— Task directions —
Scan the material for "about". Copy every line it appears in.

— Record excerpts —
*** Begin section ***

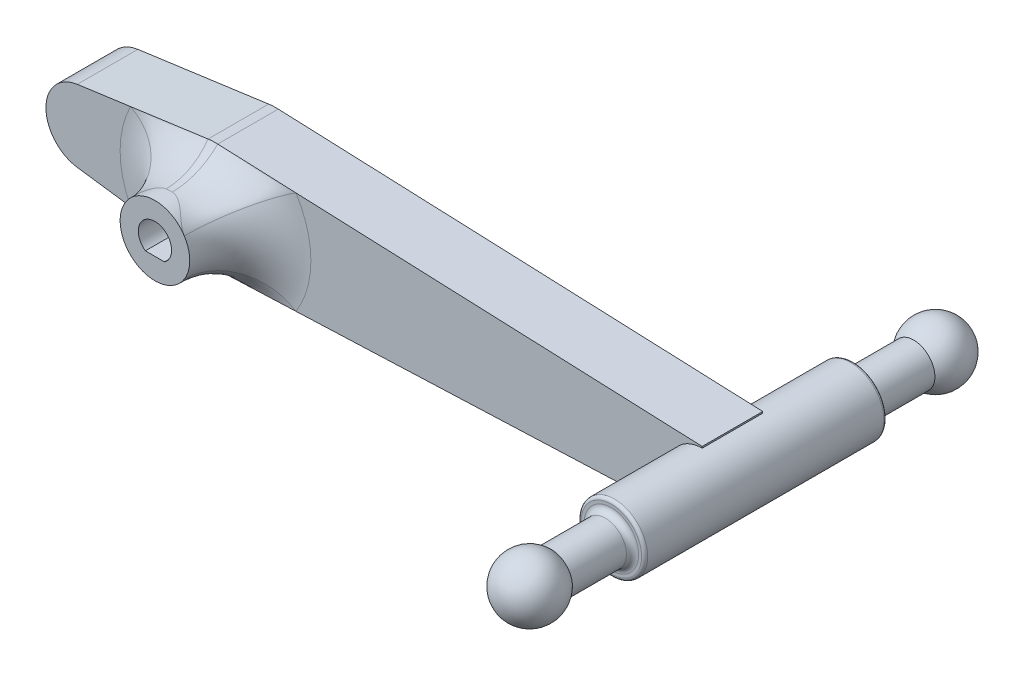
SolidWorks part; units mm, degrees
ref_plane "Front Plane" through (0, 0, 0) normal (0, 0, 1) x (1, 0, 0)
ref_plane "Top Plane" through (0, 0, 0) normal (0, 1, 0) x (1, 0, 0)
ref_plane "Right Plane" through (0, 0, 0) normal (1, 0, 0) x (0, 0, -1)
sketch "Sketch2" plane through (0, 0, 0) normal (0, 0, 1) x (1, 0, 0)
  line L0 (80.3645, 0) -> (-42.1921, 0) construction
  line L1 (-22.8182, -5.944) -> (-1.2273, -8.9159)
  line L2 (0.3645, -8.9926) -> (80.3645, -5.75)
  line L3 (80.3645, -5.75) -> (80.3645, 5.75)
  line L4 (0, 24.5757) -> (0, -40.5685) construction
  line L5 (-22.8182, 5.944) -> (-1.2273, 8.9159)
  line L6 (0.3645, 8.9926) -> (80.3645, 5.75)
  line L7 (-1.5811, -2.25) -> (1.5811, -2.25)
  arc A0 (-22.8182, 5.944) -> (-22.8182, -5.944) centre (-22, 0) ccw
  arc A1 (-1.2273, -8.9159) -> (0.3645, -8.9926) centre (0, 0) ccw
  arc A2 (-1.2273, 8.9159) -> (0.3645, 8.9926) centre (0, 0) cw
  arc A3 (1.5811, -2.25) -> (-1.5811, -2.25) centre (0, 0) ccw
  point P14 (0, 2.75)
  dimension "D1" = 6
  dimension "D7" = 9
  dimension "D5" = 2.75
  dimension "D2" = 22
  dimension "D3" = 80
  dimension "D4" = 5
  dimension "D6" = 5.75
extrude "Boss-Extrude2" add sketch "Sketch2" along normal mid plane 10
sketch "Sketch3" plane through (80.3645, 0, 0) normal (1, 0, 0) x (0, 0, -1)
  line L0 (33.5, 0) -> (-33.5, 0) construction
  line L1 (-33.5, 0) -> (-33.5, 3.5)
  line L2 (-33.5, 3.5) -> (-21, 3.5)
  line L3 (-20, 4.5) -> (-20, 5)
  line L4 (-19.5, 5.5) -> (19.5, 5.5)
  line L5 (20, 5) -> (20, 4.5)
  line L6 (21, 3.5) -> (33.5, 3.5)
  line L7 (33.5, 3.5) -> (33.5, 0)
  line L8 (33.5, 0) -> (-33.5, 0)
  arc A0 (-21, 3.5) -> (-20, 4.5) centre (-21, 4.5) ccw
  arc A1 (20, 4.5) -> (21, 3.5) centre (21, 4.5) ccw
  arc A2 (-20, 5) -> (-19.5, 5.5) centre (-19.5, 5) cw
  arc A3 (19.5, 5.5) -> (20, 5) centre (19.5, 5) cw
  point P12 (20, 4.75)
  point P13 (0, 5.5)
  point P17 (-20, 5.5)
  point P20 (20, 5.5)
  dimension "D7" = 1
  dimension "D8" = 1
  dimension "D9" = 0.5
  dimension "D10" = 0.5
  dimension "D1" = 40
  dimension "D2" = 13.5
  dimension "D3" = 13.5
  dimension "D4" = 3.5
  dimension "D5" = 5.5
  dimension "D6" = 3.5
revolve "Revolve12" add sketch "Sketch3" angle 360 about L0
sketch "Sketch5" plane through (0, 0, -33.5) normal (0, 0, -1) x (-1, 0, 0)
  line L0 (-80.3645, 5) -> (-80.3645, -5) construction
  line L1 (-80.3645, 5) -> (-80.3645, -5)
  circle A0 centre (-80.3645, 0) radius 5 construction
  arc A1 (-80.3645, 5) -> (-80.3645, -5) centre (-80.3645, 0) ccw
revolve "Revolve16" add sketch "Sketch5" angle 360 about L0
sketch "Sketch6" plane through (0, 0, 33.5) normal (0, 0, 1) x (1, 0, 0)
  line L0 (80.3645, 5) -> (80.3645, -5) construction
  line L1 (80.3645, 5) -> (80.3645, -5)
  circle A0 centre (80.3645, 0) radius 5 construction
  arc A1 (80.3645, 5) -> (80.3645, -5) centre (80.3645, 0) ccw
revolve "Revolve17" add sketch "Sketch6" angle 360 about L0
sketch "Sketch8" plane through (0, 0, 5) normal (0, 0, 1) x (1, 0, 0)
  line L0 (-1.5811, -2.25) -> (1.5811, -2.25)
  circle A0 centre (0, 0) radius 5.75
  arc A1 (1.5811, -2.25) -> (-1.5811, -2.25) centre (0, 0) ccw
  point P6 (0, 2.75)
  dimension "D1" = 2.75
  dimension "D2" = 3
  dimension "D3" = 5
extrude "Boss-Extrude5" add sketch "Sketch8" along normal mid plane 20
fillet "Fillet1" radius 10 1 edges at (5.75, 0, 5)
sketch "Sketch9" plane through (0, -2.25, 0) normal (0, 1, 0) x (1, 0, 0)
  line L0 (0, -15) -> (0, -10.315) construction
  line L1 (-1.5811, -15) -> (1.5811, -15) construction
  circle A0 centre (0, -11) radius 1.5
  dimension "D1" = 3
  dimension "D2" = 4
sketch "Sketch10" plane through (0, 0, 5) normal (0, 0, 1) x (1, 0, 0)
  line L1 (12.8788, 16.4309) -> (97.7507, 16.4309)
  line L2 (12.8788, 16.4309) -> (12.8788, -17.9161)
  line L3 (12.8788, -17.9161) -> (97.7507, -17.9161)
  line L4 (97.7507, 16.4309) -> (97.7507, -17.9161)
sketch "Sketch11" plane through (0, 0, 5) normal (0, 0, 1) x (1, 0, 0)
  line L1 (-9.9064, 12.4494) -> (-35.5409, 12.4494)
  line L2 (-9.9064, 12.4494) -> (-9.9064, -9.8047)
  line L3 (-9.9064, -9.8047) -> (-35.5409, -9.8047)
  line L4 (-35.5409, 12.4494) -> (-35.5409, -9.8047)

*** End section ***

— Output for this exercise —
revolve "Revolve12" add sketch "Sketch3" angle 360 about L0
revolve "Revolve16" add sketch "Sketch5" angle 360 about L0
revolve "Revolve17" add sketch "Sketch6" angle 360 about L0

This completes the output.